= Well-chained space =

Metric space connected by chains

In mathematics, a well-chained space is a metric space in which two arbitrary points can be connected by a chain of points that are arbitrarily close. It is closely related to the notion of connectedness.

== Formal definition ==

A metric space $(X, d)$ is said to be well-chained if for every $x, y \in X$ and every $\varepsilon > 0$ there exists $n \in \mathbb{N}$ and $z_0, z_1, \dotsc, z_n \in X$ such that $z_0= x$, $z_n = y$ and for every $j \in \{1, \dotsc, n - 1\}$, one has
$d (z_{j - 1}, z_j) < \varepsilon$.

A set $A \subseteq X$ is well-chained if it is well-chained as a metric space with the distance $d$ restricted to $A$.

== Properties ==

A set $A \subseteq X$ is well-chained if and only if its topological closure is well-chained.

If $X$ is well-chained and if $f \colon X \to Y$ is uniformly continuous then the set $f (X)$ is well-chained.

== Characterizations ==

The following properties are equivalent:
1. the space $X$ is well-chained;
2. if $A \subseteq X$ and $\emptyset \ne A \ne X$, then $\inf \{ d (x, y) : x \in A \text{ and } y \in X \setminus A\} = 0$;
3. if $f \colon X \to \{0, 1\}$ is uniformly continuous, then $f$ is constant.

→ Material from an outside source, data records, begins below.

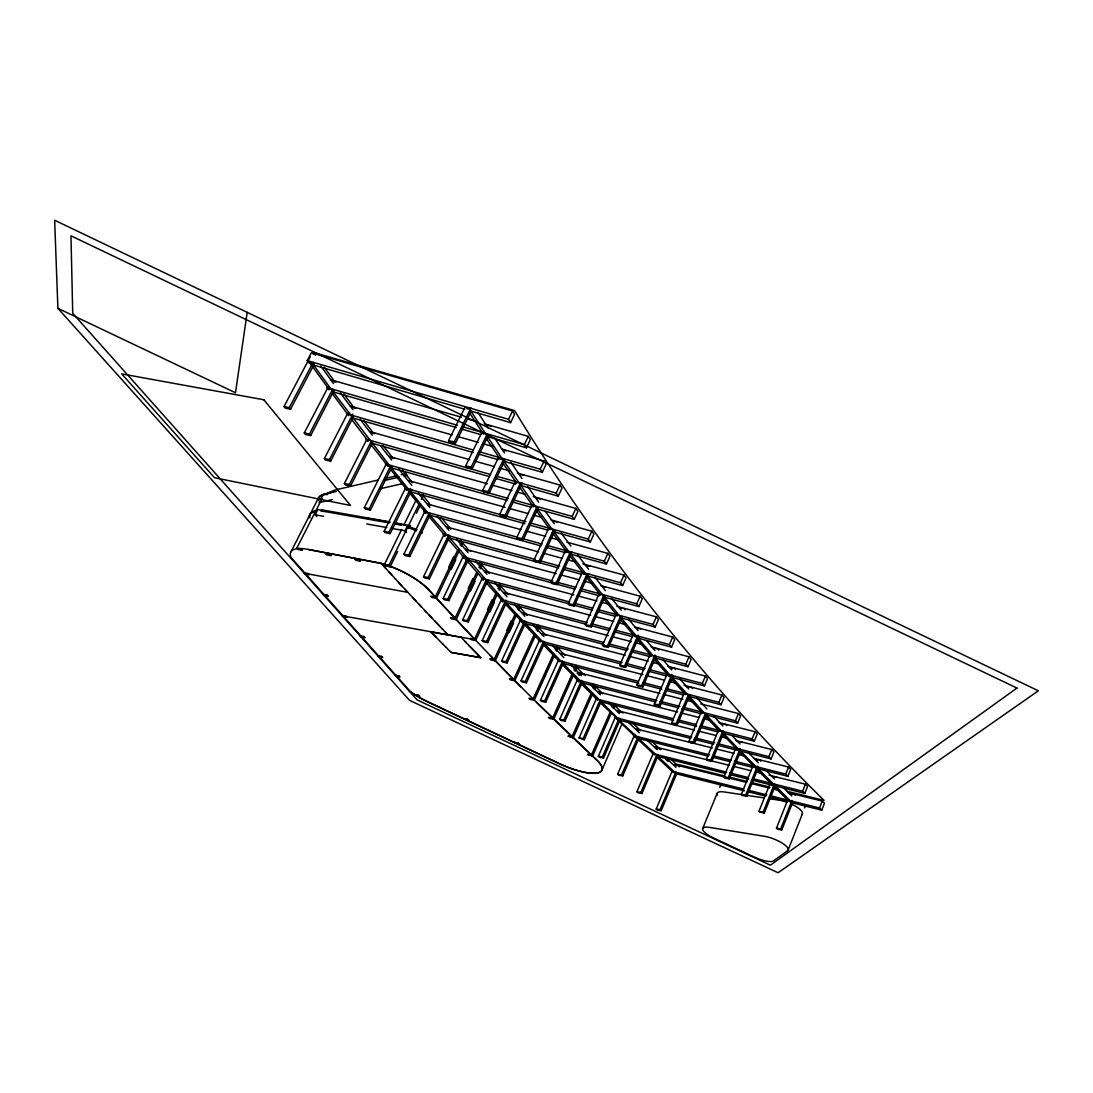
<?xml version="1.0" encoding="UTF-8"?>
<svg xmlns="http://www.w3.org/2000/svg" width="1093" height="1093" viewBox="0 0 1093 1093"><rect width="100%" height="100%" fill="white"/><g stroke="black" fill="none" stroke-linecap="round" stroke-linejoin="round"><path stroke-width="1.5" d="M247.196 312.352L235.487 392.756L57.888 308.322L54.65 220.253L1038.35 690.79L778.079 872.747L409.561 700.367L57.888 308.308M317.94 500.389L320.386 495.853L329.867 493.093M822.278 801.073L824.477 803.232L821.758 810.173L819.559 808.014L822.278 801.073L787.711 792.548M805.377 784.2L807.563 786.4L804.803 793.409L802.604 791.209L805.377 784.2L769.076 775.197M788.162 849.971L802.385 813.848M792.971 801.715L781.796 829.929L777.601 829.259L776.481 828.207L787.684 800.021M781.796 829.929L780.675 828.877L791.865 800.65M756.479 768.365L787.903 776.331L790.717 769.281L788.545 767.04L753.787 758.351M775.634 784.788L764.239 813.219L763.133 812.14L774.527 783.695M787.903 776.331L785.717 774.104L788.545 767.04M764.239 813.219L758.884 811.457L770.292 783.053M753.063 765.496L741.327 794.406L742.448 795.499L746.751 796.21L758.46 767.272M771.781 749.552L773.953 751.834L771.084 758.938L768.912 756.67L771.781 749.552L735.657 740.453M746.751 796.21L745.631 795.117L757.367 766.166M755.085 731.736L757.244 734.059L754.32 741.232L752.162 738.909L755.085 731.736L718.825 722.528M702.717 828.48L717.186 793.204M741.245 749.702L729.304 778.885L724.932 778.161L723.826 777.041L735.794 747.899M729.304 778.885L728.198 777.765L740.152 748.568M738.472 713.565L740.617 715.942L737.638 723.17L735.48 720.806L738.472 713.565L700.804 703.919M724.085 731.804L711.912 761.22L710.792 760.086L722.992 730.657M688.125 696.145L721.025 704.739L724.058 697.443L721.913 695.025L684.081 685.27M711.912 761.22L707.485 760.482L706.365 759.348L718.566 729.96M701.392 711.652L688.959 741.3L690.066 742.461L694.561 743.226L706.98 713.551M721.025 704.739L718.866 702.321L721.913 695.025M676.963 773.106L661.197 810.692L657.344 810.077L656.196 809.052L671.976 771.508M661.197 810.692L660.035 809.667L675.829 772.068M694.561 743.226L693.454 742.065L705.231 713.934M705.436 676.102L707.567 678.575L704.466 685.939L702.321 683.467L705.436 676.102L667.782 666.32M690.025 694.67L677.25 724.864L672.687 724.072L671.594 722.897L683.753 694.233M653.108 753.719L636.918 791.783L638.08 792.821L641.974 793.45L658.136 755.359M677.25 724.864L676.143 723.675L688.303 694.97M689.014 656.784L691.131 659.311L687.975 666.73L685.844 664.216L689.014 656.784L651.155 646.865M641.974 793.45L640.826 792.411L657.002 754.293M673.028 675.652L659.994 706.119L658.888 704.917L671.935 674.422M639.241 737.502L622.764 775.893L618.802 775.251L617.641 774.186L634.814 734.291M622.764 775.893L621.603 774.828L638.107 736.409M659.994 706.119L655.363 705.313L654.256 704.097L667.317 673.657M672.66 637.041L674.764 639.624L671.539 647.111L669.422 644.542L672.66 637.041L634.951 627.081M615.195 717.568L598.363 756.26L599.524 757.34L603.541 758.009L620.346 719.29M656.073 656.237L642.766 686.978L638.066 686.144L636.959 684.915L649.625 655.732M601.915 770.155L621.985 723.853M642.766 686.978L641.673 685.748L654.98 654.98M656.36 616.848L658.478 619.485L655.185 627.054L653.067 624.431L656.36 616.848L616.78 606.301M603.541 758.009L602.38 756.916L619.212 718.183M639.159 636.386L625.579 667.427L624.486 666.17L638.08 635.101M611.37 713.073L592.556 756.178L591.395 755.099L610.222 711.967M612.244 707.335L613.597 704.261M613.378 708.442L614.717 705.368M604.347 597.147L638.872 606.533L642.233 598.896L640.143 596.191L600.658 585.588M601.451 700.709L584.304 739.756L583.143 738.649L600.317 699.588M625.579 667.427L620.81 666.566L619.704 665.309L633.312 634.295M615.81 615.195L602.489 645.253L603.582 646.55L608.432 647.425L621.739 617.34M592.406 694.274L573.156 737.884L571.994 736.778L591.258 693.14M593.335 688.467L594.701 685.352M594.469 689.601L595.835 686.486M638.872 606.533L636.768 603.842L640.143 596.191M584.304 739.756L579.071 737.966L596.245 698.96M577.377 679.75L559.753 719.317L560.914 720.437L565.054 721.148L582.637 681.554M608.432 647.425L607.339 646.141L620.66 616.028M623.98 575.055L626.057 577.814L622.627 585.534L620.537 582.774L623.98 575.055L582.924 563.92M565.054 721.148L563.892 720.014L581.503 680.392M604.907 596.587L591.313 626.972L590.22 625.661L603.828 595.248M573.729 674.367L553.714 719.208L552.552 718.087L572.595 673.22M573.975 670.118L576.052 665.473M575.109 671.28L577.186 666.634M563.728 662.194L545.776 702.143L544.615 700.996L562.594 661.019M570.409 554.055L606.451 564.029L609.949 556.228L607.872 553.4L566.884 542.183M591.313 626.972L586.381 626.057L585.288 624.745L598.909 594.387M582.733 571.543L568.128 603.746L569.221 605.098L574.235 606.041L588.799 573.811M554.356 655.691L534.272 700.162L533.111 699.001L553.222 654.516M555.299 649.911L556.692 646.837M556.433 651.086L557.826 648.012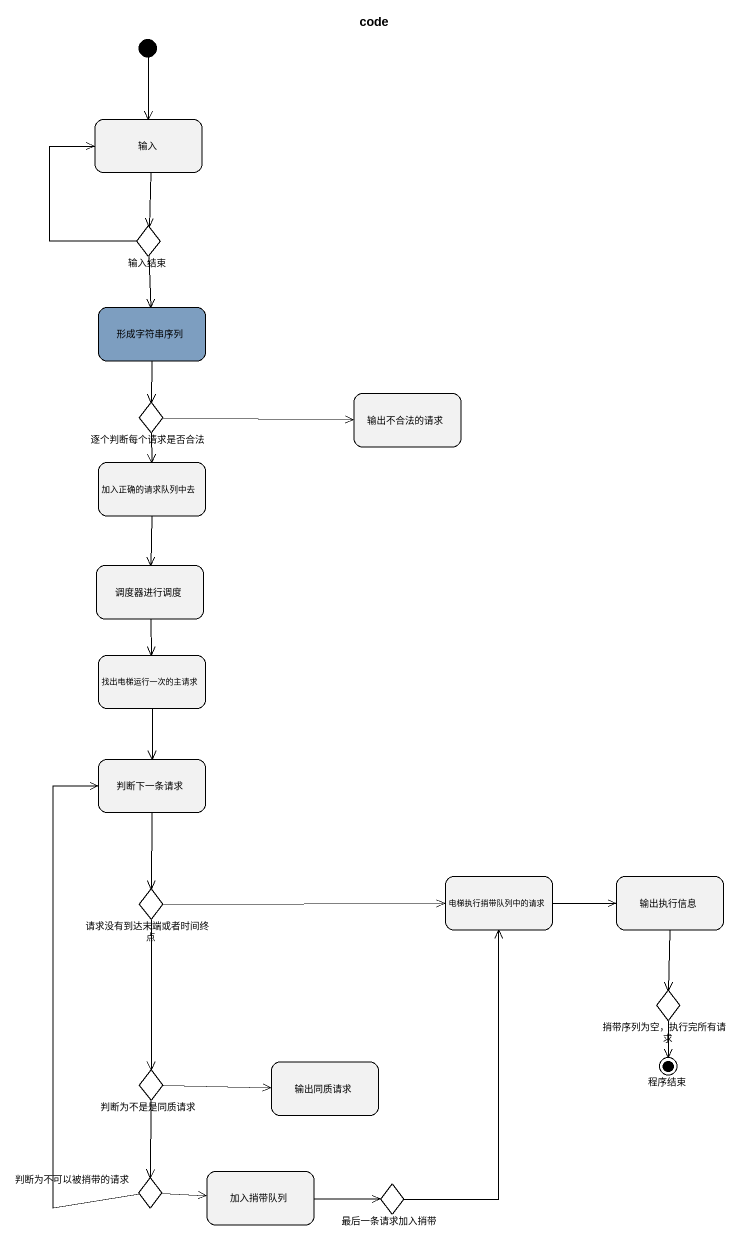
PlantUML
@startuml
title code
hide empty description
state 输入
state 输入结束 <<choice>>
state 形成字符串序列 #7D9EC0
state 逐个判断每个请求是否合法 <<choice>>
state 输出不合法的请求
state 加入正确的请求队列中去
state 调度器进行调度
state 找出电梯运行一次的主请求
state 判断下一条请求
state 请求没有到达末端或者时间终点 <<choice>>
state 电梯执行捎带队列中的请求
state 输出执行信息
state "捎带序列为空，执行完所有请求" as 捎带序列为空_执行完所有请求 <<choice>>
state 判断为不是是同质请求 <<choice>>
state 输出同质请求
state 程序结束 <<end>>
state 加入捎带队列
state 判断为不可以被捎带的请求 <<choice>>
state 最后一条请求加入捎带 <<choice>>
[*] --> 输入
输入 --> 输入结束
输入结束 -up-> 输入
输入结束 --> 形成字符串序列
形成字符串序列 --> 逐个判断每个请求是否合法
逐个判断每个请求是否合法 -right-> 输出不合法的请求
逐个判断每个请求是否合法 --> 加入正确的请求队列中去
加入正确的请求队列中去 --> 调度器进行调度
调度器进行调度 --> 找出电梯运行一次的主请求
找出电梯运行一次的主请求 --> 判断下一条请求
判断下一条请求 --> 请求没有到达末端或者时间终点
请求没有到达末端或者时间终点 -right-> 电梯执行捎带队列中的请求
请求没有到达末端或者时间终点 --> 判断为不是是同质请求
电梯执行捎带队列中的请求 -right-> 输出执行信息
输出执行信息 --> 捎带序列为空_执行完所有请求
捎带序列为空_执行完所有请求 --> 程序结束
判断为不是是同质请求 -right-> 输出同质请求
判断为不是是同质请求 --> 判断为不可以被捎带的请求
加入捎带队列 -right-> 最后一条请求加入捎带
判断为不可以被捎带的请求 -up-> 判断下一条请求
判断为不可以被捎带的请求 -right-> 加入捎带队列
最后一条请求加入捎带 -up-> 电梯执行捎带队列中的请求
@enduml

== Link with connectedness ==

Well-chainedness is a generalization of connectedness, in the sense that any connected (metric) space $X$ is well-chained.

The converse fails in general:
- the set of rational numbers $\mathbb{Q}$ is well-chained but not connected,
- the set $\{(x, y) \in \mathbb{R}^2 : x^2 y^2 = xy\}$ is well-chained but not connected.

There are some situations where well-chainedness implies connectedness:
- every compact and well-chained set is connected;
- if $A \subseteq \mathbb{R}$ is closed and well-chained, then $A$ is connected.

== History ==

The definition of well-chained space was proposed as a definition of connected space (zusammenltiengende Punktmenge) by Georg Cantor in 1883.

In 1921, Maurice Fréchet names well-chained set (ensemble bien enchaîné) connected sets and proves, in the current terminology, that connected spaces are well-chained spaces.

The definition above appears in 1964 under the name of well-chained space in the book of Gordon Whyburn.